┌──

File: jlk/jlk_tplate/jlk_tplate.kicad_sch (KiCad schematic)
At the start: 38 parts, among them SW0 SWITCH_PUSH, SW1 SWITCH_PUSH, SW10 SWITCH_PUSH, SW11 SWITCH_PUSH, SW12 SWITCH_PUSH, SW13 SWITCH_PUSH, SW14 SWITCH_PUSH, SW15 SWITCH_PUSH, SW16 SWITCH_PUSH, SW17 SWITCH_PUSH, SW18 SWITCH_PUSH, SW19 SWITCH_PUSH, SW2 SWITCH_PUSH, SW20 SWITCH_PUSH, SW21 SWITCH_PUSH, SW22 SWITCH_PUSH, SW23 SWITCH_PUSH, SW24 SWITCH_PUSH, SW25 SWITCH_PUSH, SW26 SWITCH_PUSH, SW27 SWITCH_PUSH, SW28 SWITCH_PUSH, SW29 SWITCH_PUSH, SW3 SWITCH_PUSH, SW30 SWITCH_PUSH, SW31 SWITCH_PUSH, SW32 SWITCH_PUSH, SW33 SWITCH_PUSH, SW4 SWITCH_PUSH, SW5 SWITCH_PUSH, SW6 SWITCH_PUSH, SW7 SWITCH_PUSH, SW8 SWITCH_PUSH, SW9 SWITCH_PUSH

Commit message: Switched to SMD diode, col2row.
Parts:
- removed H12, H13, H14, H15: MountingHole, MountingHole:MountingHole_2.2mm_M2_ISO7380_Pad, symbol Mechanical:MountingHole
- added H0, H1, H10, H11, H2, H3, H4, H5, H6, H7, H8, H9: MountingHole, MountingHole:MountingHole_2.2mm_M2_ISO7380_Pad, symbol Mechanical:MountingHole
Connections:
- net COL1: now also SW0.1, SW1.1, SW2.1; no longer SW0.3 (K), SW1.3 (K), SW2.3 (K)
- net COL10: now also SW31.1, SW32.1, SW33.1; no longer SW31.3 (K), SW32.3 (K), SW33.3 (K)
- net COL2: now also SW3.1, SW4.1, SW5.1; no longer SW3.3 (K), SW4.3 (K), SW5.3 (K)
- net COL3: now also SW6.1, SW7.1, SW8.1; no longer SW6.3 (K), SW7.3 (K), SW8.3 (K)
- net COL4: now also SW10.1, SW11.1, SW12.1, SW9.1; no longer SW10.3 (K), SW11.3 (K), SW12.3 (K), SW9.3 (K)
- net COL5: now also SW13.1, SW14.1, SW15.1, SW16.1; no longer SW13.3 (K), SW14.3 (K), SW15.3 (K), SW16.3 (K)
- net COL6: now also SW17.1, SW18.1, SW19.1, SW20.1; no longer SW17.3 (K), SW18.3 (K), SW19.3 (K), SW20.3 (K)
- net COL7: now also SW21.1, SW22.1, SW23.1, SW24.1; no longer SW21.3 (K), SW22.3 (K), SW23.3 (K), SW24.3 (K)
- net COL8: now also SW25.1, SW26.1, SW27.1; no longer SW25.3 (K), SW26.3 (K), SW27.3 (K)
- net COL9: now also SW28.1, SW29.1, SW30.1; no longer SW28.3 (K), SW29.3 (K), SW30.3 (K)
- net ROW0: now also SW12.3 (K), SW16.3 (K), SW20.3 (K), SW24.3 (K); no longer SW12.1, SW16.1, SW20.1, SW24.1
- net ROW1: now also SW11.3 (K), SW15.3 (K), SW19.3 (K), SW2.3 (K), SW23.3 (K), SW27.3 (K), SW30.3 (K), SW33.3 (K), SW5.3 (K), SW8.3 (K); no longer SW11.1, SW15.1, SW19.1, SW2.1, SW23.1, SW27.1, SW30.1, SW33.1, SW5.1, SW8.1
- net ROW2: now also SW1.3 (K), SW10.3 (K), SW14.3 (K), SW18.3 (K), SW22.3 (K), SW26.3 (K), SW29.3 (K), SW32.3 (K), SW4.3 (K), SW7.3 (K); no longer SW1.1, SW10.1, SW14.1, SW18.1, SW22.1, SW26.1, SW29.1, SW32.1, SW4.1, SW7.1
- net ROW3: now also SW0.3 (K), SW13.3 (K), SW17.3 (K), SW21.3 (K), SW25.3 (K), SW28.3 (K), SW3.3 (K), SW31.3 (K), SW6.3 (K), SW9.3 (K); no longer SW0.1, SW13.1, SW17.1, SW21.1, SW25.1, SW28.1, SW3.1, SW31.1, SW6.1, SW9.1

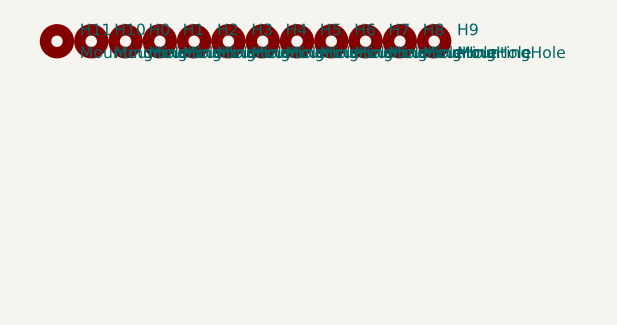
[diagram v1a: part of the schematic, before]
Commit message: Changed jlk for mounting promicro under the pcb.
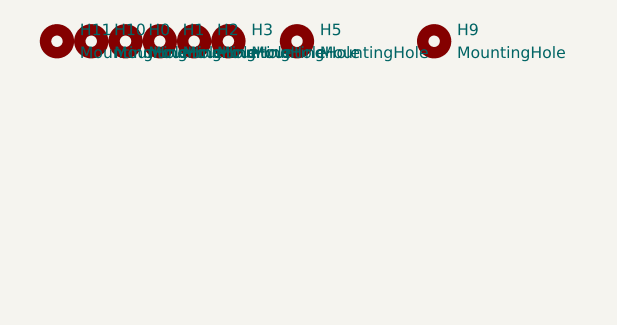
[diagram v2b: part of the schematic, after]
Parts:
- removed H4, H6, H7, H8: MountingHole, MountingHole:MountingHole_2.2mm_M2_ISO7380_Pad, symbol Mechanical:MountingHole
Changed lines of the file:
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@@
-    )
-  )
-  (symbol (lib_id "Mechanical:MountingHole") (at 387.35 33.02 0) (unit 1)
-    (in_bom yes) (on_board yes) (dnp no) (fields_autoplaced)
-    (property "Reference" "H8" (at 389.89 31.75 0)
-      (effects (font (size 1.27 1.27)) (justify left))
-    )
-    (property "Value" "MountingHole" (at 389.89 34.29 0)
-      (effects (font (size 1.27 1.27)) (justify left))
-    )
-    (property "Footprint" "MountingHole:MountingHole_2.2mm_M2_ISO7380_Pad" (at 387.35 33.02 0)
-      (effects (font (size 1.27 1.27)) hide)
-    )
-    (property "Datasheet" "~" (at 387.35 33.02 0)
-      (effects (font (size 1.27 1.27)) hide)
-    )
-    (instances
-      (project "jlk_tplate"
-        (path "/97127b28-60f4-45ff-835e-dccfbc833331"
-          (reference "H8") (unit 1)
-        )
-      )
     )
   )
@@
     )
   )
-  (symbol (lib_id "Mechanical:MountingHole") (at 379.73 33.02 0) (unit 1)
-    (in_bom yes) (on_board yes) (dnp no) (fields_autoplaced)
-    (property "Reference" "H6" (at 382.27 31.75 0)
-      (effects (font (size 1.27 1.27)) (justify left))
-    )
-    (property "Value" "MountingHole" (at 382.27 34.29 0)
-      (effects (font (size 1.27 1.27)) (justify left))
-    )
-    (property "Footprint" "MountingHole:MountingHole_2.2mm_M2_ISO7380_Pad" (at 379.73 33.02 0)
-      (effects (font (size 1.27 1.27)) hide)
-    )
-    (property "Datasheet" "~" (at 379.73 33.02 0)
-      (effects (font (size 1.27 1.27)) hide)
-    )
-    (instances
-      (project "jlk_tplate"
-        (path "/97127b28-60f4-45ff-835e-dccfbc833331"
-          (reference "H6") (unit 1)
-        )
-      )
-    )
-  )
   (symbol (lib_id "Mechanical:MountingHole") (at 364.49 33.02 0) (unit 1)
     (in_bom yes) (on_board yes) (dnp no) (fields_autoplaced)
@@
         (path "/97127b28-60f4-45ff-835e-dccfbc833331"
           (reference "H2") (unit 1)
-        )
-      )
-    )
-  )
-  (symbol (lib_id "Mechanical:MountingHole") (at 372.11 33.02 0) (unit 1)
-    (in_bom yes) (on_board yes) (dnp no) (fields_autoplaced)
-    (property "Reference" "H4" (at 374.65 31.75 0)
-      (effects (font (size 1.27 1.27)) (justify left))
-    )
-    (property "Value" "MountingHole" (at 374.65 34.29 0)
-      (effects (font (size 1.27 1.27)) (justify left))
-    )
-    (property "Footprint" "MountingHole:MountingHole_2.2mm_M2_ISO7380_Pad" (at 372.11 33.02 0)
-      (effects (font (size 1.27 1.27)) hide)
-    )
-    (property "Datasheet" "~" (at 372.11 33.02 0)
-      (effects (font (size 1.27 1.27)) hide)
-    )
-    (instances
-      (project "jlk_tplate"
-        (path "/97127b28-60f4-45ff-835e-dccfbc833331"
-          (reference "H4") (unit 1)
         )
       )
@@
         )
       )
-    )
-  )
-  (symbol (lib_id "Mechanical:MountingHole") (at 383.54 33.02 0) (unit 1)
-    (in_bom yes) (on_board yes) (dnp no) (fields_autoplaced)
-    (property "Reference" "H7" (at 386.08 31.75 0)
-      (effects (font (size 1.27 1.27)) (justify left))
-    )
-    (property "Value" "MountingHole" (at 386.08 34.29 0)
-      (effects (font (size 1.27 1.27)) (justify left))
-    )
-    (property "Footprint" "MountingHole:MountingHole_2.2mm_M2_ISO7380_Pad" (at 383.54 33.02 0)
-      (effects (font (size 1.27 1.27)) hide)
-    )
-    (property "Datasheet" "~" (at 383.54 33.02 0)
-      (effects (font (size 1.27 1.27)) hide)
-    )
-    (instances
-      (project "jlk_tplate"
-        (path "/97127b28-60f4-45ff-835e-dccfbc833331"
-          (reference "H7") (unit 1)
-        )
-      )

└──

# [TASK DETAILS]
Where does the word "Footprint" occur in the records? Return every line that holds it.

# [SOLUTION FOR THIS TASK]
-    (property "Footprint" "MountingHole:MountingHole_2.2mm_M2_ISO7380_Pad" (at 387.35 33.02 0)
-    (property "Footprint" "MountingHole:MountingHole_2.2mm_M2_ISO7380_Pad" (at 379.73 33.02 0)
-    (property "Footprint" "MountingHole:MountingHole_2.2mm_M2_ISO7380_Pad" (at 372.11 33.02 0)
-    (property "Footprint" "MountingHole:MountingHole_2.2mm_M2_ISO7380_Pad" (at 383.54 33.02 0)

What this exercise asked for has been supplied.